Dr. Nick Fahy, director of the health and care research group at RAND Europe, said: “This report highlights that post-Brexit relations between the EU and the UK are still having impacts on the NHS. The UK government also has an opportunity here. As wider events are driving UK-EU co-operation in defence and security, a "reset" for closer and better working with the EU would benefit from an ambition of also delivering concrete benefits for health." 

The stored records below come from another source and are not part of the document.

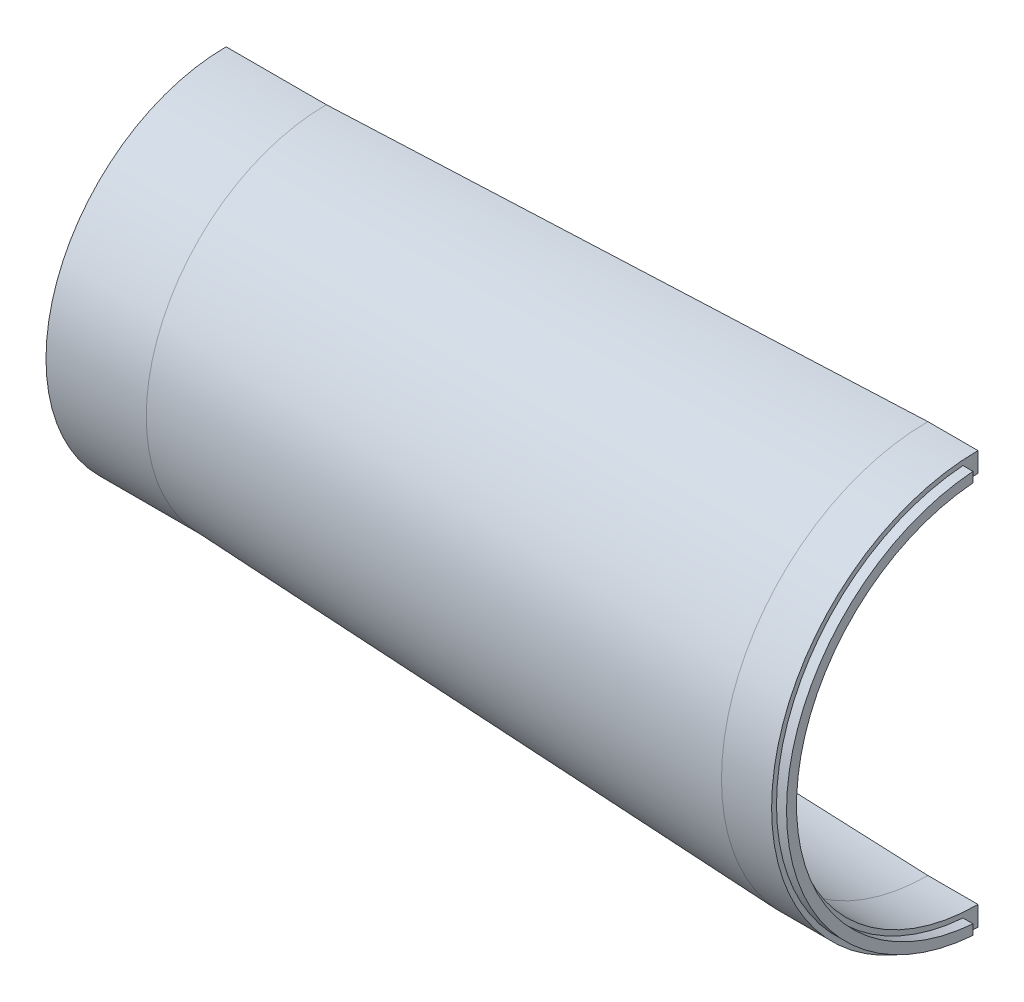
SolidWorks part; units mm, degrees
ref_plane "Front Plane" through (0, 0, 0) normal (0, 0, 1) x (1, 0, 0)
ref_plane "Top Plane" through (0, 0, 0) normal (0, 1, 0) x (1, 0, 0)
ref_plane "Right Plane" through (0, 0, 0) normal (1, 0, 0) x (0, 0, -1)
sketch "Sketch2" plane through (0, 0, 0) normal (0, 0, 1) x (1, 0, 0)
  line L0 (0, 0) -> (0, 40.64)
  line L1 (0, 0) -> (4.9987, 0)
  line L2 (4.9987, 0) -> (4.9987, 40.64)
  line L3 (0, 40.64) -> (0, 45.6387)
  line L4 (0, 45.6387) -> (25.4, 45.6387)
  line L6 (4.9987, 40.64) -> (25.4, 40.64)
  line L8 (190.5, 52.2926) -> (177.8, 52.2926)
  line L9 (177.8, 52.2926) -> (25.4, 45.6387)
  line L10 (190.5, 47.2939) -> (177.8, 47.2939)
  line L11 (177.8, 47.2939) -> (25.4, 40.64)
  line L12 (190.5, 52.2926) -> (190.5, 47.2939)
  dimension "D8" = 4.9987
  dimension "D1" = 40.64
  dimension "D2" = 4.9987
  dimension "D3" = 40.64
  dimension "D4" = 4.9987
  dimension "D5" = 25.4
  dimension "D6" = 152.4
  dimension "D7" = 12.7
  dimension "D9" = 182.5
  dimension "D10" = 12.7
revolve "Revolve2" add sketch "Sketch2" angle 180 about L1
sketch "Sketch4" plane through (0, 0, 0) normal (-1, 0, 0) x (0, 0, 1)
  line L0 (0, -45.6387) -> (0, 45.6387) construction
  line L1 (0, 0) -> (20.32, 0)
  line L2 (0, -20.32) -> (0, 20.32)
  line L3 (0, 20.32) -> (20.32, 20.32)
  line L4 (20.32, -20.32) -> (20.32, 20.32)
  line L5 (0, -20.32) -> (20.32, -20.32)
  line M6 (0, 45.6387) -> (0, -45.6387)
  dimension "D1" = 20.32
  dimension "D2" = 20.32
extrude "Cut-Extrude2" cut sketch "Sketch4" against normal blind 32.004 contours L1 L4 L3 M6 | L5 L4 L1 M6
sketch "Sketch5" plane through (0, 0, 0) normal (0, 0, -1) x (-1, 0, 0)
  line L0 (-4.9987, 40.64) -> (0, 40.64) construction
  line L1 (-3.7694, 40.64) -> (-1.2294, 40.64)
  line L2 (-3.7694, 40.64) -> (-3.7694, 27.94)
  line L3 (-3.7694, 27.94) -> (-1.2294, 27.94)
  line L4 (-1.2294, 40.64) -> (-1.2294, 27.94)
  line L5 (0, 20.32) -> (0, 45.6387) construction
  line L6 (-4.9987, 40.64) -> (-4.9987, 45.6387) construction
  line L7 (-25.4, 45.6387) -> (0, 45.6387) construction
  line L8 (-152.4, 49.9543) -> (-152.4, 47.4143)
  line L9 (-4.9987, 44.4094) -> (-17.6987, 44.4094)
  line L10 (-4.9987, 44.4094) -> (-4.9987, 41.8694)
  line L11 (-4.9987, 41.8694) -> (-17.6987, 41.8694)
  line L12 (-17.6987, 44.4094) -> (-17.6987, 41.8694)
  line L13 (-152.4, 47.4143) -> (-50.8, 42.9783)
  line L14 (-50.8, 42.9783) -> (-50.8, 45.5183)
  line L15 (-50.8, 45.5183) -> (-152.4, 49.9543)
  line L16 (-177.8, 52.2926) -> (-25.4, 45.6387) construction
  line L17 (-50.8, 45.5183) -> (-50.8, 46.7477) construction
  line L18 (-50.8, 42.9783) -> (-50.8, 41.749) construction
  line L19 (-25.4, 40.64) -> (-177.8, 47.2939) construction
  line L20 (-152.4, 46.1849) -> (-152.4, 47.4143) construction
  line L21 (-152.4, 49.9543) -> (-152.4, 51.1837) construction
  line L22 (0, 0) -> (-190.5, 0) construction
  line L23 (-190.5, 47.2939) -> (-190.5, -47.2939) construction
  line L24 (-50.8, -42.9783) -> (-50.8, -45.5183)
  line L25 (-152.4, -47.4143) -> (-50.8, -42.9783)
  line L26 (-152.4, -49.9543) -> (-152.4, -47.4143)
  line L27 (-50.8, -45.5183) -> (-152.4, -49.9543)
  line L28 (-4.9987, -41.8694) -> (-17.6987, -41.8694)
  line L29 (-17.6987, -44.4094) -> (-17.6987, -41.8694)
  line L30 (-4.9987, -44.4094) -> (-17.6987, -44.4094)
  line L31 (-4.9987, -44.4094) -> (-4.9987, -41.8694)
  line L32 (-3.7694, -27.94) -> (-1.2294, -27.94)
  line L33 (-1.2294, -40.64) -> (-1.2294, -27.94)
  line L34 (-3.7694, -40.64) -> (-1.2294, -40.64)
  line L35 (-3.7694, -40.64) -> (-3.7694, -27.94)
  point P9 (-2.4994, 40.64)
  point P10 (-2.4994, 40.64)
  point P18 (-4.9987, 43.1394)
  point P19 (-4.9987, 43.1394)
  point P26 (-101.6, 48.9657)
  point P27 (-101.6, 47.7363)
  dimension "D1" = 12.7
  dimension "D2" = 2.54
  dimension "D3" = 12.7
  dimension "D4" = 2.54
  dimension "D5" = 2.54
  dimension "D6" = 2.54
  dimension "D7" = 101.6
sketch "Sketch6" plane through (190.5, 0, 0) normal (1, 0, 0) x (0, 0, -1)
  line L0 (-3.81, 50.9116) -> (-3.81, 48.3716)
  line L1 (0, 52.2926) -> (0, 47.2939) construction
  line L2 (0, 0) -> (-52.2926, 0) construction
  line L3 (-3.81, -50.9116) -> (-3.81, -48.3716)
  arc A0 (-3.81, 50.9116) -> (-3.81, -50.9116) centre (0, 0) ccw
  arc A1 (-3.81, 48.3716) -> (-3.81, -48.3716) centre (0, 0) ccw
  arc A2 (0, 52.2926) -> (0, -52.2926) centre (0, 0) ccw construction
  dimension "D3" = 51.054
  dimension "D1" = 2.54
  dimension "D2" = 3.81
extrude "Boss-Extrude2" add sketch "Sketch6" along normal blind 2.54 contours A0 L3 A1 L0
extrude "Cut-Extrude3" cut sketch "Sketch5" against normal blind 2.54 contours L15 L8 L13 L14 | L10 L9 L12 L11 | L2 L1 L4 L3 | L32 L33 L34 L35 | L28 L29 L30 L31 | L24 L27 L26 L25
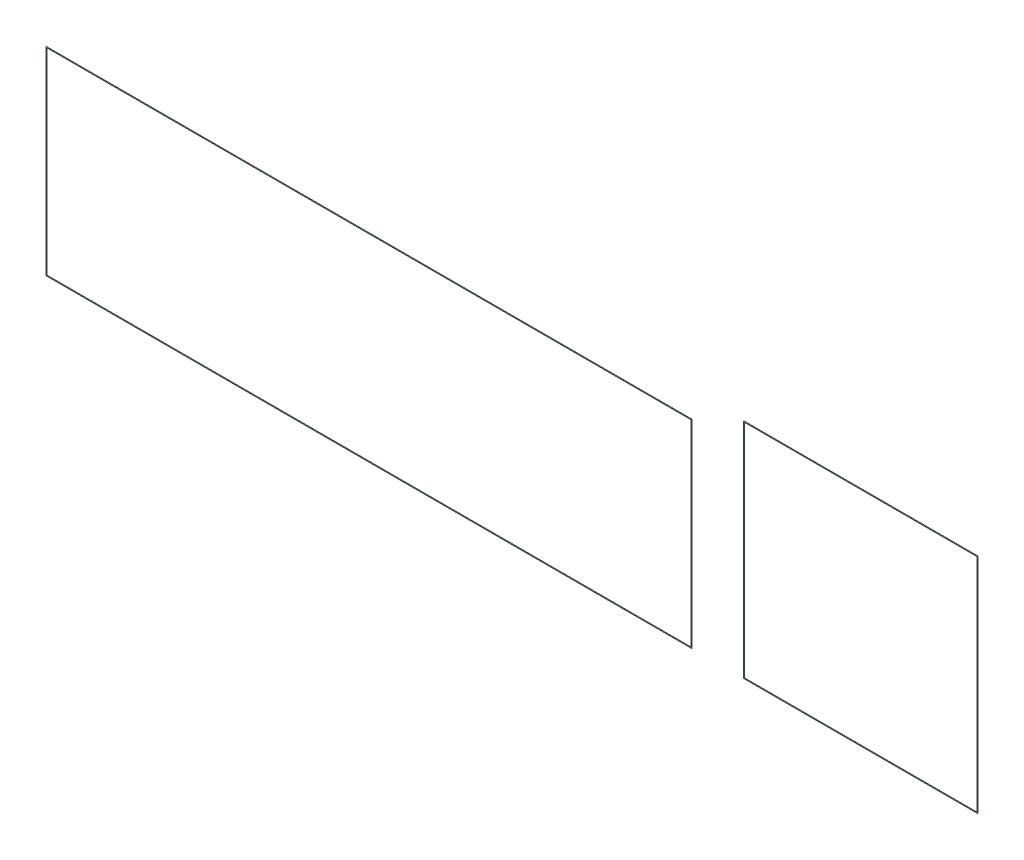
SolidWorks part; units mm, degrees
ref_plane "Alzado" through (0, 0, 0) normal (0, 0, 1) x (1, 0, 0)
ref_plane "Planta" through (0, 0, 0) normal (0, 1, 0) x (1, 0, 0)
ref_plane "Vista lateral" through (0, 0, 0) normal (1, 0, 0) x (0, 0, -1)
sketch "Croquis1" plane through (0, 0, 0) normal (0, 0, 1) x (1, 0, 0)
  line L0 (-31291.415, 9560) -> (-31291.415, -9560)
  line L1 (-31391.415, 9660) -> (31391.415, 9660)
  line L2 (-31391.415, 9660) -> (-31391.415, -9660)
  line L3 (-31391.415, -9660) -> (31391.415, -9660)
  line L4 (31391.415, 9660) -> (31391.415, -9660)
  line L5 (-31391.415, 9660) -> (31391.415, -9660) construction
  line L6 (-31391.415, -9660) -> (31391.415, 9660) construction
  line L7 (-31291.415, -9560) -> (31291.415, -9560)
  line L8 (31291.415, 9560) -> (31291.415, -9560)
  line L9 (-31291.415, 9560) -> (31291.415, 9560)
  point P0 (0, 0)
  dimension "D1" = 62782.83
  dimension "D2" = 19320
  dimension "D3" = 100
extrude "Saliente-Extruir1" add sketch "Croquis1" along normal blind 1
sketch "Croquis3" plane through (0, 0, 0) normal (0, 0, 1) x (1, 0, 0)
  line L0 (36391.415, 12040) -> (36491.415, 12040) construction
  line L1 (36491.415, 11940) -> (36491.415, -9560)
  line L2 (31291.415, 9560) -> (31391.415, 9560) construction
  line L3 (31391.415, -9660) -> (31391.415, 9660) construction
  line L4 (36391.415, 11940) -> (36491.415, 11940) construction
  line L5 (36491.415, 11940) -> (59091.415, 11940)
  line L6 (59091.415, 11940) -> (59091.415, -9560)
  line L7 (59091.415, -9560) -> (36491.415, -9560)
  line L8 (59191.415, 12040) -> (59191.415, -9660)
  line L9 (59191.415, -9660) -> (36391.415, -9660)
  line L10 (36391.415, 12040) -> (36391.415, -9660)
  line L11 (36391.415, 12040) -> (59191.415, 12040)
  line L12 (31391.415, -9660) -> (36391.415, -9660) construction
  dimension "D1" = 5000
  dimension "D2" = 22600
  dimension "D3" = 21500
  dimension "D4" = 100
extrude "Saliente-Extruir2" add sketch "Croquis3" along normal blind 1 separate body
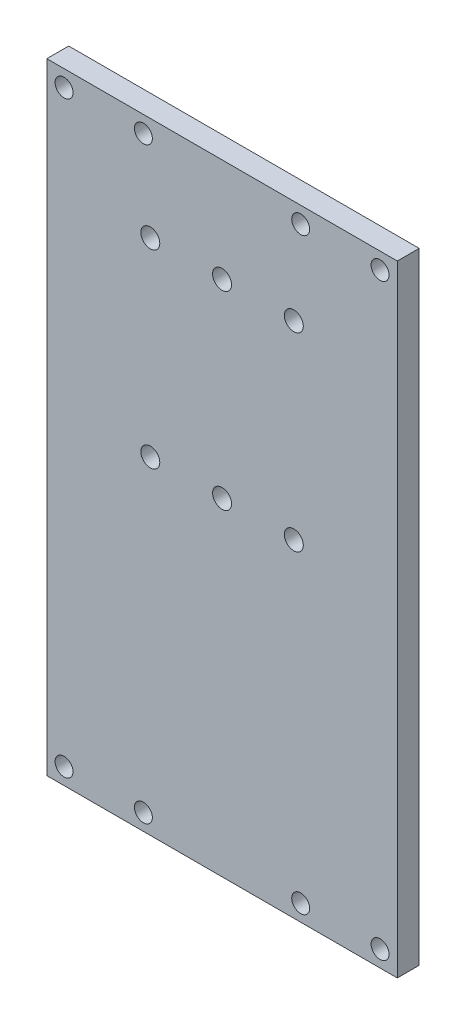
SolidWorks part; units mm, degrees
ref_plane "Plano frontal" through (0, 0, 0) normal (0, 0, 1) x (1, 0, 0)
ref_plane "Plano superior" through (0, 0, 0) normal (0, 1, 0) x (1, 0, 0)
ref_plane "Plano direito" through (0, 0, 0) normal (1, 0, 0) x (0, 0, -1)
sketch "Esboço1" plane through (0, 0, 0) normal (0, 0, 1) x (1, 0, 0)
  line L0 (50.8, 90) -> (-50.8, -90) construction
  line L1 (-50.8, 90) -> (50.8, 90)
  line L2 (-50.8, 90) -> (-50.8, -90)
  line L3 (-50.8, -90) -> (50.8, -90)
  line L4 (50.8, 90) -> (50.8, -90)
  dimension "D1" = 101.6
  dimension "D2" = 180
extrude "Ressalto-extrusão1" add sketch "Esboço1" along normal blind 6.35
sketch "Esboço2" plane through (0, 0, 6.35) normal (0, 0, 1) x (1, 0, 0)
  line L0 (-50.8, 0) -> (50.8, 0) construction
  line L1 (-50.8, 90) -> (-50.8, -90) construction
  line L2 (50.8, -90) -> (50.8, 90) construction
  line L3 (-50.8, 85.24) -> (50.8, 85.24) construction
  line L4 (50.8, 90) -> (-50.8, 90) construction
  line L5 (0, 90) -> (0, 0) construction
  circle A0 centre (-45.8, 85.24) radius 2.6
  circle A1 centre (-22.8, 85.24) radius 2.6
  circle A2 centre (22.8, 85.24) radius 2.6
  circle A3 centre (45.8, 85.24) radius 2.6
  circle A4 centre (45.8, -85.24) radius 2.6
  circle A5 centre (22.8, -85.24) radius 2.6
  circle A6 centre (-22.8, -85.24) radius 2.6
  circle A7 centre (-45.8, -85.24) radius 2.6
  dimension "D2" = 5.2
  dimension "D3" = 5.2
  dimension "D1" = 4.76
  dimension "D4" = 5
  dimension "D5" = 28
extrude "Corte-extrusão1" cut sketch "Esboço2" against normal up to next
sketch "Esboço3" plane through (0, 0, 6.35) normal (0, 0, 1) x (1, 0, 0)
  line L0 (-50.8, -90) -> (50.8, -90) construction
  line L1 (-20.8, 60) -> (20.8, 60) construction
  line L2 (-20.8, 60) -> (-20.8, 5) construction
  line L3 (-20.8, 5) -> (20.8, 5) construction
  line L4 (20.8, 60) -> (20.8, 5) construction
  line L5 (-50.8, 90) -> (-50.8, -90) construction
  line L6 (-20.8, 32.5) -> (20.8, 32.5) construction
  line L8 (0, 5) -> (0, 32.5) construction
  circle A0 centre (-20.8, 5) radius 2.75
  circle A1 centre (0, 5) radius 2.75
  circle A2 centre (20.8, 5) radius 2.75
  circle A3 centre (20.8, 60) radius 2.75
  circle A4 centre (0, 60) radius 2.75
  circle A5 centre (-20.8, 60) radius 2.75
  dimension "D5" = 5.5
  dimension "D6" = 5.5
  dimension "D1" = 95
  dimension "D2" = 150
  dimension "D3" = 30
  dimension "D4" = 71.6
extrude "Corte-extrusão2" cut sketch "Esboço3" against normal up to next
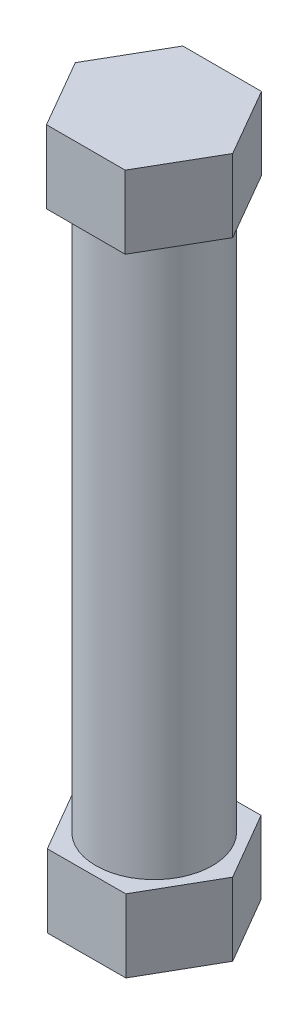
SolidWorks part; units mm, degrees
material "6061 Alloy"
ref_plane "Front Plane" through (0, 0, 0) normal (0, 0, 1) x (1, 0, 0)
ref_plane "Top Plane" through (0, 0, 0) normal (0, 1, 0) x (1, 0, 0)
ref_plane "Right Plane" through (0, 0, 0) normal (1, 0, 0) x (0, 0, -1)
sketch "Sketch1" plane through (0, 0, 0) normal (0, 1, 0) x (1, 0, 0)
  circle A0 centre (0, 0) radius 4
extrude "Boss-Extrude1" add sketch "Sketch1" along normal blind 38
sketch "Sketch2" plane through (0, 38, 0) normal (0, 1, 0) x (1, 0, 0)
  line L1 (5.3719, 0.0162) -> (2.6719, 4.6928)
  line L2 (2.6719, 4.6928) -> (-2.7281, 4.6928)
  line L3 (-2.7281, 4.6928) -> (-5.4281, 0.0162)
  line L4 (-5.4281, 0.0162) -> (-2.7281, -4.6603)
  line L5 (-2.7281, -4.6603) -> (2.6719, -4.6603)
  line L6 (2.6719, -4.6603) -> (5.3719, 0.0162)
  circle A0 centre (-0.0281, 0.0162) radius 4.6765 construction
  dimension "D1" = 5.4
extrude "Boss-Extrude2" add sketch "Sketch2" along normal blind 5
sketch "Sketch3" plane through (0, 0, 0) normal (0, -1, 0) x (1, 0, 0)
  line L1 (5.3719, -0.0162) -> (2.7, 4.6441)
  line L2 (2.7, 4.6441) -> (-2.6719, 4.6603)
  line L3 (-2.6719, 4.6603) -> (-5.3719, 0.0162)
  line L4 (-5.3719, 0.0162) -> (-2.7, -4.6441)
  line L5 (-2.7, -4.6441) -> (2.6719, -4.6603)
  line L6 (2.6719, -4.6603) -> (5.3719, -0.0162)
  circle A0 centre (0, 0) radius 4.6522 construction
extrude "Boss-Extrude3" add sketch "Sketch3" along normal blind 5

Professor Tamara Hervey, Jean Monnet Professor of EU Law at the City Law School said: “The UK’s approach to health post-Brexit is diverse and contradictory. Our immigration policies don’t offer the consistency needed to build a health and social care workforce. In some areas, we are tracking the EU’s regulations. In others, we have adopted a different approach. The ‘reset’ of relations should prompt an honest and evidence-led public discussion about the pros and cons of divergence." 

References

  1. A list of countries on the WHO’s “red list” is available here

  2. The report is a collaboration between authors from the Nuffield Trust, City St George’s University of London, RAND Europe, Queen’s University Belfast, and the University of Michigan. It is part of the Health and International Relations Monitor project supported by the Health Foundation.